* **What you are asked to do**:
Across these entries, how many lines contain the word "units"? Answer with only the number.

═════ Exercise input

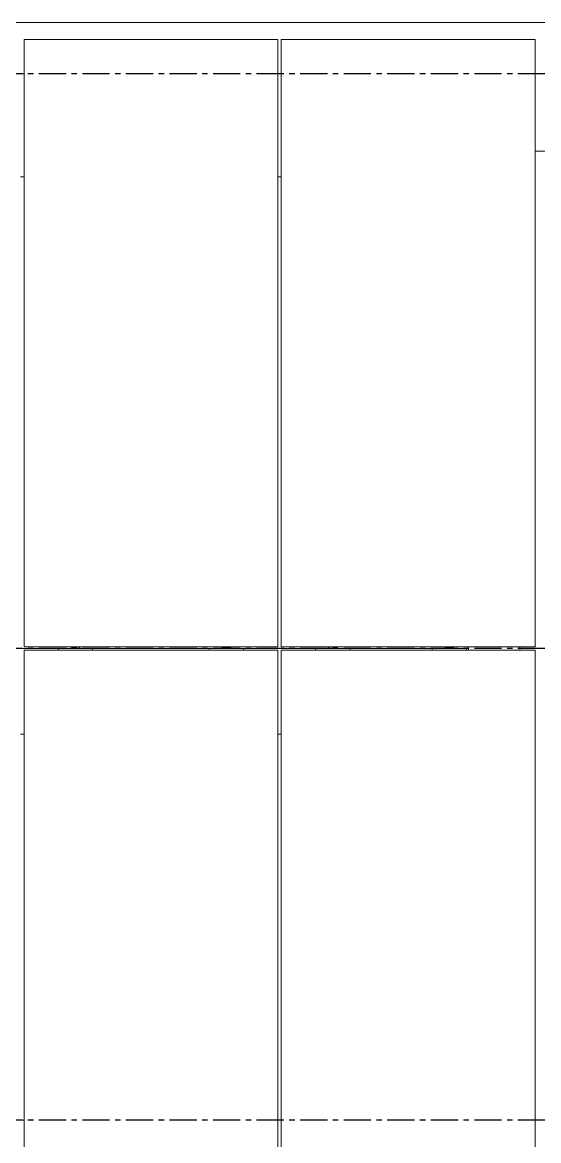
# Model space of a CAD drawing. Header units: millimetres. Extents: x 3774 to 718460, y -768339 to 192544.
# Drawn here: x 426947 to 429958, y -632797 to -626277 of the extents above; entities that cross this region are included whole.
import ezdxf

# ---------------------------------------------------------------- set-up
doc = ezdxf.new("R2010")
doc.units = ezdxf.units.MM
doc.linetypes.add('CENTER', pattern=[50.8, 31.75, -6.35, 6.35, -6.35])
doc.linetypes.add('XKITLINE00', pattern=[0])
doc.layers.add('Part', color=7, linetype='Continuous', lineweight=0)

# ---------------------------------------------------------------- blocks, each defined once
blk = doc.blocks.new('*A13064188')
at = {"layer": 'Part', "color": 7, "linetype": 'XKITLINE00', "lineweight": 0}
for p, q in [((2425.769529, -31.253462), (2328.969528, -31.253462)), ((2387.275963, -33.653462), (2387.435963, -33.653462)), ((2399.275963, -33.653462), (2399.435963, -33.653462)), ((2425.769529, -33.653462), (2411.275963, -33.653462))]:
    blk.add_line(p, q, dxfattribs=at)
blk = doc.blocks.new('*A13074189')
at = {"layer": 'Part', "color": 7, "linetype": 'XKITLINE00', "lineweight": 0}
for p, q in [((2387.275963, -33.653462), (2387.435963, -33.653462)), ((2399.275963, -33.653462), (2399.435963, -33.653462)), ((2387.275963, -38.453462), (2387.435963, -38.453462)), ((2399.275963, -38.453462), (2399.435963, -38.453462))]:
    blk.add_line(p, q, dxfattribs=at)
blk = doc.blocks.new('*A13134195')
at = {"layer": 'Part', "color": 7, "linetype": 'XKITLINE00', "lineweight": 0}
for p, q in [((2387.275963, -82.453462), (2387.435963, -82.453462)), ((2399.275963, -82.453462), (2399.435963, -82.453462)), ((2411.275963, -82.453462), (2423.369525, -82.453462))]:
    blk.add_line(p, q, dxfattribs=at)
blk = doc.blocks.new('*A13154197')
at = {"layer": 'Part', "color": 7, "linetype": 'XKITLINE00', "lineweight": 0}
for p, q in [((2365.449523, -60.453462), (2365.635964, -60.453462)), ((2365.449523, -60.533462), (2365.449523, -60.453462)), ((2366.035964, -60.453462), (2372.675964, -60.453462)), ((2373.075964, -60.453462), (2377.635964, -60.453462)), ((2378.035964, -60.453462), (2384.675964, -60.453462)), ((2385.075964, -60.453462), (2389.635964, -60.453462)), ((2390.035964, -60.453462), (2396.675964, -60.453462)), ((2397.075964, -60.453462), (2401.635964, -60.453462)), ((2402.035964, -60.453462), (2407.075964, -60.453462)), ((2407.475964, -60.453462), (2408.169525, -60.453462)), ((2408.169525, -60.533462), (2408.169525, -60.453462)), ((2375.275963, -64.453462), (2375.435963, -64.453462)), ((2387.275963, -64.453462), (2387.435963, -64.453462)), ((2399.275963, -64.453462), (2399.435963, -64.453462))]:
    blk.add_line(p, q, dxfattribs=at)
blk = doc.blocks.new('*A13194201')
at = {"layer": 'Part', "color": 7, "linetype": 'XKITLINE00', "lineweight": 0}
for p, q in [((2411.275963, -32.053462), (2399.435963, -32.053462)), ((2399.435963, -32.053462), (2399.435963, -60.373462)), ((2411.275963, -32.053462), (2411.275963, -60.373462)), ((2411.275963, -60.373462), (2399.435963, -60.373462)), ((2411.275963, -60.533462), (2399.435963, -60.533462)), ((2399.435963, -60.533462), (2399.435963, -84.373462)), ((2411.275963, -60.533462), (2411.275963, -84.373462))]:
    blk.add_line(p, q, dxfattribs=at)
blk = doc.blocks.new('*A13204202')
at = {"layer": 'Part', "color": 7, "linetype": 'XKITLINE00', "lineweight": 0}
for p, q in [((2399.275963, -32.053462), (2387.435963, -32.053462)), ((2387.435963, -32.053462), (2387.435963, -60.373462)), ((2399.275963, -32.053462), (2399.275963, -60.373462)), ((2399.275963, -60.373462), (2387.435963, -60.373462)), ((2399.275963, -60.533462), (2387.435963, -60.533462)), ((2387.435963, -60.533462), (2387.435963, -84.373462)), ((2399.275963, -60.533462), (2399.275963, -84.373462))]:
    blk.add_line(p, q, dxfattribs=at)
blk = doc.blocks.new('*A19094791')
at = {"layer": 'Part', "color": 7, "linetype": 'XKITLINE00', "lineweight": 0}
for p, q in [((2406.475964, -60.453462), (2407.075964, -60.453462)), ((2406.475964, -60.533462), (2406.475964, -60.453462)), ((2407.475964, -60.453462), (2408.075964, -60.453462)), ((2408.075964, -60.453462), (2408.075964, -60.533462))]:
    blk.add_line(p, q, dxfattribs=at)
blk = doc.blocks.new('*A19104792')
at = {"layer": 'Part', "color": 7, "linetype": 'XKITLINE00', "lineweight": 0}
for p, q in [((2407.075964, -60.453462), (2407.075964, -60.373462)), ((2407.075964, -60.453462), (2407.475964, -60.453462)), ((2407.115964, -60.393462), (2407.115964, -60.373462)), ((2407.475964, -60.393462), (2407.115964, -60.393462)), ((2407.475964, -60.453462), (2407.475964, -60.393462))]:
    blk.add_line(p, q, dxfattribs=at)
blk = doc.blocks.new('*A19114793')
at = {"layer": 'Part', "color": 7, "linetype": 'XKITLINE00', "lineweight": 0}
for p, q in [((2401.635964, -60.453462), (2401.635964, -60.373462)), ((2401.635964, -60.453462), (2402.035964, -60.453462)), ((2401.675964, -60.393462), (2401.675964, -60.373462)), ((2402.035964, -60.393462), (2401.675964, -60.393462)), ((2402.035964, -60.453462), (2402.035964, -60.393462))]:
    blk.add_line(p, q, dxfattribs=at)
blk = doc.blocks.new('*A19124794')
at = {"layer": 'Part', "color": 7, "linetype": 'XKITLINE00', "lineweight": 0}
for p, q in [((2401.035964, -60.453462), (2401.635964, -60.453462)), ((2401.035964, -60.533462), (2401.035964, -60.453462)), ((2402.035964, -60.453462), (2402.635964, -60.453462)), ((2402.635964, -60.453462), (2402.635964, -60.533462))]:
    blk.add_line(p, q, dxfattribs=at)
blk = doc.blocks.new('*A19204802')
at = {"layer": 'Part', "color": 7, "linetype": 'XKITLINE00', "lineweight": 0}
for p, q in [((2389.035964, -60.453462), (2389.635964, -60.453462)), ((2389.035964, -60.533462), (2389.035964, -60.453462)), ((2390.035964, -60.453462), (2390.635964, -60.453462)), ((2390.635964, -60.453462), (2390.635964, -60.533462))]:
    blk.add_line(p, q, dxfattribs=at)
blk = doc.blocks.new('*A19214803')
at = {"layer": 'Part', "color": 7, "linetype": 'XKITLINE00', "lineweight": 0}
for p, q in [((2396.675964, -60.453462), (2396.675964, -60.373462)), ((2396.675964, -60.453462), (2397.075964, -60.453462)), ((2396.715964, -60.393462), (2396.715964, -60.373462)), ((2397.075964, -60.393462), (2396.715964, -60.393462)), ((2397.075964, -60.453462), (2397.075964, -60.393462))]:
    blk.add_line(p, q, dxfattribs=at)
blk = doc.blocks.new('*A19224804')
at = {"layer": 'Part', "color": 7, "linetype": 'XKITLINE00', "lineweight": 0}
for p, q in [((2396.075964, -60.453462), (2396.675964, -60.453462)), ((2396.075964, -60.533462), (2396.075964, -60.453462)), ((2397.075964, -60.453462), (2397.675964, -60.453462)), ((2397.675964, -60.453462), (2397.675964, -60.533462))]:
    blk.add_line(p, q, dxfattribs=at)
blk = doc.blocks.new('*A19234805')
at = {"layer": 'Part', "color": 7, "linetype": 'XKITLINE00', "lineweight": 0}
for p, q in [((2389.635964, -60.453462), (2389.635964, -60.373462)), ((2389.635964, -60.453462), (2390.035964, -60.453462)), ((2389.675964, -60.393462), (2389.675964, -60.373462)), ((2390.035964, -60.393462), (2389.675964, -60.393462)), ((2390.035964, -60.453462), (2390.035964, -60.393462))]:
    blk.add_line(p, q, dxfattribs=at)
blk = doc.blocks.new('*A19264808')
at = {"layer": 'Part', "color": 7, "linetype": 'XKITLINE00', "lineweight": 0}
for p, q in [((2408.169525, -60.533462), (2408.169525, -60.373462)), ((2410.569525, -60.533462), (2410.569525, -60.373462))]:
    blk.add_line(p, q, dxfattribs=at)
blk = doc.blocks.new('*A19354817')
at = {"layer": 'Part', "color": 7, "linetype": 'XKITLINE00', "lineweight": 0}
for p, q in [((2411.275963, -33.653462), (2423.369549, -33.653462)), ((2423.369549, -33.653462), (2423.369549, -37.253462)), ((2423.369549, -37.253462), (2411.275963, -37.253462))]:
    blk.add_line(p, q, dxfattribs=at)

msp = doc.modelspace()

# ---------------------------------------------------------------- linework, layer by layer
at = {"color": 7, "linetype": 'CENTER', "ltscale": 5}
for p, q in [((437107.783, -626577.045), (391187.746, -626577.045)), ((437107.783, -629927.045), (391187.746, -629927.045)), ((437107.783, -632677.045), (391187.746, -632677.045))]:
    msp.add_line(p, q, dxfattribs=at)

# ---------------------------------------------------------------- block references
at = {"color": 7, "lineweight": 0, "xscale": 125, "yscale": 125, "zscale": 125}
for name in ['*A13064188', '*A13204202', '*A13194201', '*A13074189', '*A19354817', '*A13154197', '*A19204802', '*A19234805', '*A19224804', '*A19214803', '*A19124794', '*A19114793', '*A19094791', '*A19104792', '*A19264808', '*A13134195']:
    msp.add_blockref(name, (128527.556, -622370.363), dxfattribs=at)

doc.saveas('drawing.dxf')

══════════

* **Answer below**:
2